Typically, the holder treats the interest as taxable income, and
the issuer treats the interest as a deduction. Application of the
noncontingent bond method also may involve adjusting the amount of
income or deductions. In some situations, the actual contingent
payments may differ from the projected contingent payments.
Accordingly, appropriate adjustments must be made by the issuer and
the holder to reflect the difference. When the actual amount of the
contingent payments is greater than the projected amount, a
positive adjustment is made. A net positive adjustment generally is
treated as interest and is included in taxable income by the holder
of the instrument. The net positive adjustment is deductible by the
issuer in the taxable year in which the adjustment occurs. When the
actual amount is less than the projected amount, however, a
negative adjustment is made. A net negative adjustment generally
reduces interest accruals on the debt instrument for the taxable
year. However, there may be certain limitations if the net negative
adjustment exceeds the interest for the taxable year.
[0038] Typically, the issue of recapture may arise when
conventional convertible securities cease to be outstanding due to
conversion, an issuer call, a holder's put or retirement. The term
"recapture" generally refers to the issuer paying taxes on excess
tax deductions when the value of securities and/or cash
deliveredvalue of securities and/or cash delivered to the holders
is less than the tax adjusted issue price when the convertible
ceases to be outstanding. For example, a conventional convertible
bond may be issued having a thirty-year final maturity, an issuer
call option after five years, and a holder's put option every 5
years until the final maturity (e.g., at years 5, 10, 15, 20, and
25). It may often be the case that the convertible will be put,
called or converted prior to the final maturity.
[0039] When the convertible security is put, called, converted or
retired, the tax adjusted issue price is compared to the value of
the securities and/or cash delivered to holders. If when the
convertible security 10 is converted, called, put or otherwise
retired, the value of securities and/or cash deliveredvalue of
securities and/or cash delivered to the holders is less than the
tax adjusted issue price, the issuer may pay tax on the difference
between the tax adjusted issue price and the value of the
securities and/or cash delivered. For example, if the stock
underlying a zero-coupon zero-yield bond goes very low at year
five, a company runs the risk of being required to pay back par
(e.g., $1000) as well as to pay income tax at the company's
corporate tax rate on any prior excess deductions.
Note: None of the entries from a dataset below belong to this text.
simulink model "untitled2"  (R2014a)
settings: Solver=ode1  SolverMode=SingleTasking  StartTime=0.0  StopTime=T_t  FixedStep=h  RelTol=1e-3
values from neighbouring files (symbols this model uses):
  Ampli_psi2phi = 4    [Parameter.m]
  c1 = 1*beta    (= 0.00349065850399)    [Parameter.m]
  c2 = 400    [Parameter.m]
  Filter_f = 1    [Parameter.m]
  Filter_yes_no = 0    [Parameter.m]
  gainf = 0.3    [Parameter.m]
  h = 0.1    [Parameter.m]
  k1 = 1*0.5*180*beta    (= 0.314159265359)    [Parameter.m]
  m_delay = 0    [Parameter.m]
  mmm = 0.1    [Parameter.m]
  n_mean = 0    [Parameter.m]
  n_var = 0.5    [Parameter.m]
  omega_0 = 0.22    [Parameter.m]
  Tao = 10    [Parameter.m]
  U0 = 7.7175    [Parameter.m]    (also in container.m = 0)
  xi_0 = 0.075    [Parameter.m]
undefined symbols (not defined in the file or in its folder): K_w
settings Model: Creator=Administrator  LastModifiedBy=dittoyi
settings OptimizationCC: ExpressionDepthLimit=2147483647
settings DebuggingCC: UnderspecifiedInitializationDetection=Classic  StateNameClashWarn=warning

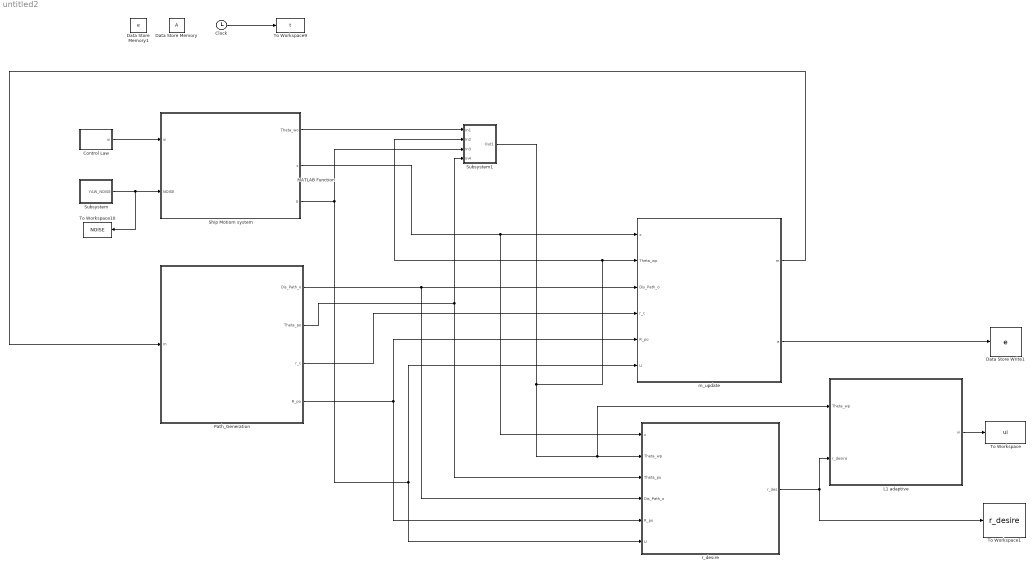
== system untitled2 ==
  Clock : Clock
  Control Law : Subsystem
  Data Store Memory : DataStoreMemory
  Data Store Memory1 : DataStoreMemory  DataStoreName=e
  Data Store Write1 : DataStoreWrite  DataStoreName=e  DataStoreElements=e
  "L1 adaptive " : Subsystem
  MATLAB Function : MATLAB Function  TreatAsAtomicUnit=on
  Path_Generation : Subsystem
  Ship Motiom system : Subsystem
  Subsystem : Subsystem
  Subsystem1 : Subsystem
  To Workspace : ToWorkspace  VariableName=ui  SampleTime=-1
  To Workspace1 : ToWorkspace  VariableName=r_desire  SampleTime=-1
  To Workspace10 : ToWorkspace  VariableName=NOISE  SampleTime=-1
  To Workspace9 : ToWorkspace  VariableName=t  SampleTime=-1
  m_update : Subsystem
  r_desire : Subsystem
  wires:
  Clock/1 -> To Workspace9/1
  Ship Motiom system/2(x) -> r_desire/1(x), m_update/1(x)
  Control Law/1(ui) -> Ship Motiom system/1(ui)
  Path_Generation/2(Theta_po) -> Subsystem1/4(In4), r_desire/3(Theta_po)
  Path_Generation/1(Dis_Path_o) -> r_desire/4(Dis_Path_o), m_update/3(Dis_Path_o)
  Path_Generation/4(R_po) -> r_desire/5(R_po), m_update/5(R_po)
  Path_Generation/3(r_c) -> m_update/4(r_c)
  m_update/1(m) -> Path_Generation/1(m)
  r_desire/1(r_des) -> To Workspace1/1, "L1 adaptive "/2(r_desire)
  Ship Motiom system/3(U) -> r_desire/6(U), m_update/6(U), Subsystem1/3(In3)
  m_update/2(e) -> Data Store Write1/1
  Subsystem/1(YAW_NOISE) -> Ship Motiom system/2(NOISE), To Workspace10/1
  "L1 adaptive "/1(ui) -> To Workspace/1
  Subsystem1/1(Out1) -> "L1 adaptive "/1(Theta_wp), r_desire/2(Theta_wp), Subsystem1/2(In2), m_update/2(Theta_wp)
  Ship Motiom system/1(Theta_wo) -> Subsystem1/1(In1)

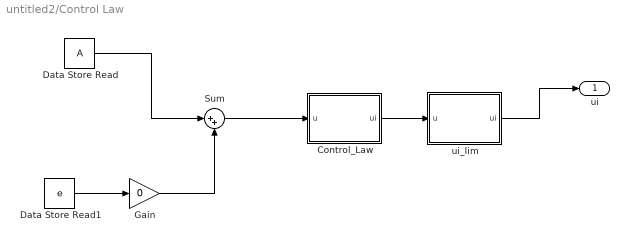
== system untitled2/Control Law ==
  Control_Law : MATLAB Function  TreatAsAtomicUnit=on
  Data Store Read : DataStoreRead  DataStoreElements=A
  Data Store Read1 : DataStoreRead  DataStoreName=e  DataStoreElements=e
  Gain : Gain  Gain=0
  Sum : Sum  Inputs=|++
  ui_lim : MATLAB Function  TreatAsAtomicUnit=on
  ui : Outport
  wires:
  Control_Law/1(ui) -> ui_lim/1(u)
  ui_lim/1(ui) -> ui/1
  Data Store Read1/1 -> Gain/1
  Gain/1 -> Sum/2
  Sum/1 -> Control_Law/1(u)
  Data Store Read/1 -> Sum/1

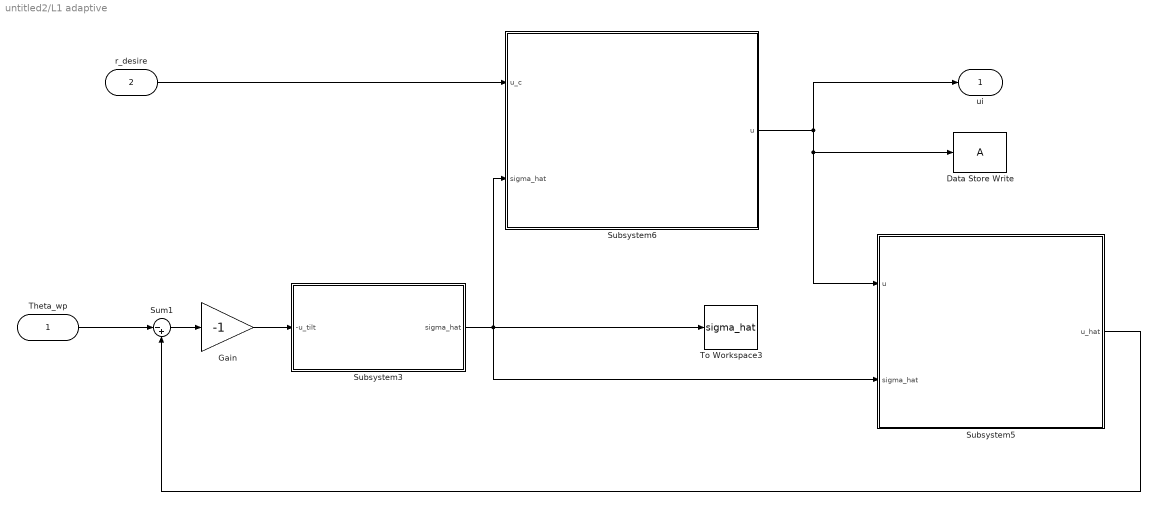
== system untitled2/L1 adaptive  ==
  Theta_wp : Inport
  r_desire : Inport  Port=2
  Data Store Write : DataStoreWrite  DialogController=Simulink.DDGSource
  Gain : Gain  Gain=-1
  Subsystem3 : Subsystem
  Subsystem5 : Subsystem
  Subsystem6 : Subsystem
  Sum1 : Sum  Inputs=|-+
  To Workspace3 : ToWorkspace  VariableName=sigma_hat  SampleTime=-1
  ui : Outport
  wires:
  Subsystem3/1(sigma_hat) -> Subsystem6/2(sigma_hat), To Workspace3/1, Subsystem5/2(sigma_hat)
  Subsystem5/1(u_hat) -> Sum1/2
  Gain/1 -> Subsystem3/1(-u_tilt)
  Sum1/1 -> Gain/1
  Subsystem6/1(u) -> Subsystem5/1(u), Data Store Write/1, ui/1
  Theta_wp/1 -> Sum1/1
  r_desire/1 -> Subsystem6/1(u_c)

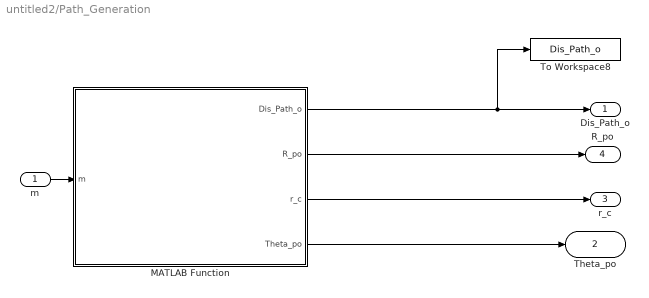
== system untitled2/Path_Generation ==
  m : Inport
  MATLAB Function : MATLAB Function  TreatAsAtomicUnit=on
  To Workspace8 : ToWorkspace  VariableName=Dis_Path_o  SampleTime=-1
  Dis_Path_o : Outport
  Theta_po : Outport  Port=2
  r_c : Outport  Port=3
  R_po : Outport  Port=4
  wires:
  MATLAB Function/2(R_po) -> R_po/1
  m/1 -> MATLAB Function/1(m)
  MATLAB Function/1(Dis_Path_o) -> To Workspace8/1, Dis_Path_o/1
  MATLAB Function/4(Theta_po) -> Theta_po/1
  MATLAB Function/3(r_c) -> r_c/1

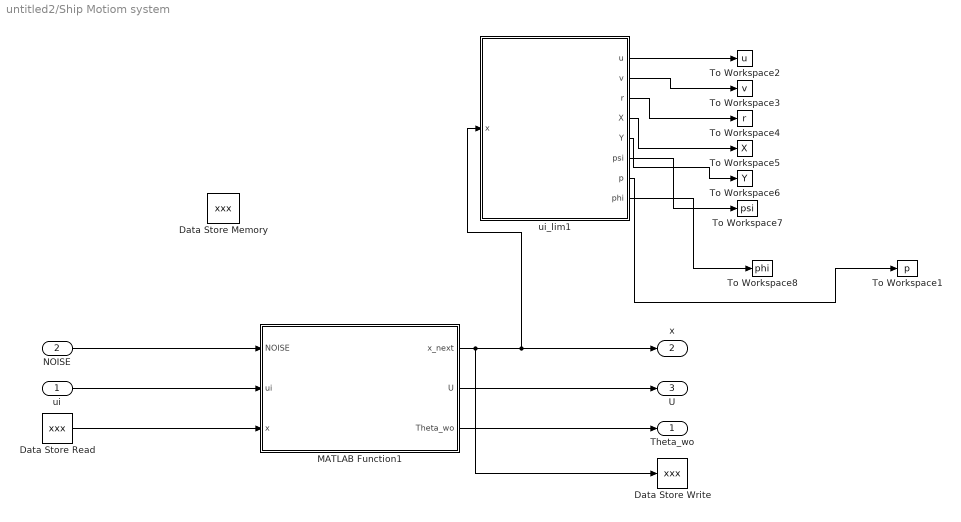
== system untitled2/Ship Motiom system ==
  ui : Inport
  NOISE : Inport  Port=2
  Data Store Memory : DataStoreMemory  DataStoreName=xxx  InitialValue=x_0
  Data Store Read : DataStoreRead  DataStoreName=xxx  DataStoreElements=xxx
  Data Store Write : DataStoreWrite  DataStoreName=xxx  DataStoreElements=xxx
  MATLAB Function1 : MATLAB Function  TreatAsAtomicUnit=on
  To Workspace1 : ToWorkspace  VariableName=p  SampleTime=-1
  To Workspace2 : ToWorkspace  VariableName=u  SampleTime=-1
  To Workspace3 : ToWorkspace  VariableName=v  SampleTime=-1
  To Workspace4 : ToWorkspace  VariableName=r  SampleTime=-1
  To Workspace5 : ToWorkspace  VariableName=X  SampleTime=-1
  To Workspace6 : ToWorkspace  VariableName=Y  SampleTime=-1
  To Workspace7 : ToWorkspace  VariableName=psi  SampleTime=-1
  To Workspace8 : ToWorkspace  VariableName=phi  SampleTime=-1
  ui_lim1 : MATLAB Function  TreatAsAtomicUnit=on
  Theta_wo : Outport
  x : Outport  Port=2
  U : Outport  Port=3
  wires:
  ui_lim1/3(r) -> To Workspace4/1
  MATLAB Function1/2(U) -> U/1
  MATLAB Function1/1(x_next) -> Data Store Write/1, ui_lim1/1(x), x/1
  MATLAB Function1/3(Theta_wo) -> Theta_wo/1
  ui_lim1/1(u) -> To Workspace2/1
  ui_lim1/2(v) -> To Workspace3/1
  ui_lim1/6(psi) -> To Workspace7/1
  ui_lim1/5(Y) -> To Workspace6/1
  ui_lim1/4(X) -> To Workspace5/1
  ui/1 -> MATLAB Function1/2(ui)
  Data Store Read/1 -> MATLAB Function1/3(x)
  NOISE/1 -> MATLAB Function1/1(NOISE)
  ui_lim1/7(p) -> To Workspace1/1
  ui_lim1/8(phi) -> To Workspace8/1

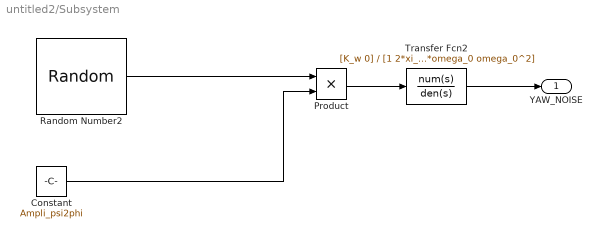
== system untitled2/Subsystem ==
  Constant : Constant  Value=Ampli_psi2phi
  Product : Product  RndMeth=Zero
  Random Number2 : RandomNumber  Mean=n_mean  Variance=n_var  SampleTime=0.1
  Transfer Fcn2 : TransferFcn  Numerator=[K_w 0]  Denominator=[1 2*xi_0*omega_0 omega_0^2]
  YAW_NOISE : Outport
  wires:
  Random Number2/1 -> Product/1
  Constant/1 -> Product/2
  Product/1 -> Transfer Fcn2/1
  Transfer Fcn2/1 -> YAW_NOISE/1

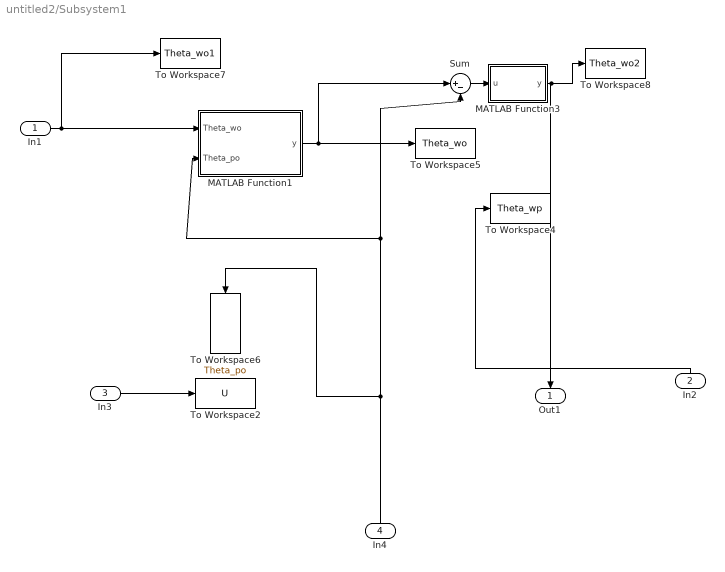
== system untitled2/Subsystem1 ==
  In1 : Inport
  In2 : Inport  Port=2
  In3 : Inport  Port=3
  In4 : Inport  Port=4
  MATLAB Function1 : MATLAB Function  TreatAsAtomicUnit=on
  MATLAB Function3 : MATLAB Function  TreatAsAtomicUnit=on
  Sum : Sum  Inputs=|+-
  To Workspace2 : ToWorkspace  VariableName=U  SampleTime=-1
  To Workspace4 : ToWorkspace  VariableName=Theta_wp  SampleTime=-1
  To Workspace5 : ToWorkspace  VariableName=Theta_wo  SampleTime=-1
  To Workspace6 : ToWorkspace  VariableName=Theta_po  SampleTime=-1
  To Workspace7 : ToWorkspace  VariableName=Theta_wo1  SampleTime=-1
  To Workspace8 : ToWorkspace  VariableName=Theta_wo2  SampleTime=-1
  Out1 : Outport
  wires:
  In1/1 -> To Workspace7/1, MATLAB Function1/1(Theta_wo)
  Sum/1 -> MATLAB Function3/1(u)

[0040] In contrast to conventional convertible bonds, however, the
convertible security 10 includes a remarketing component 20. In one
embodiment, the remarketing component 20 specifies, at the time of
issue, the terms and conditions for remarketing the convertible
security 10 to new investors. The remarketing component 20 may
include one or more remarketing dates. In some implementations, the
remarketing dates may coincide with call and/or put dates.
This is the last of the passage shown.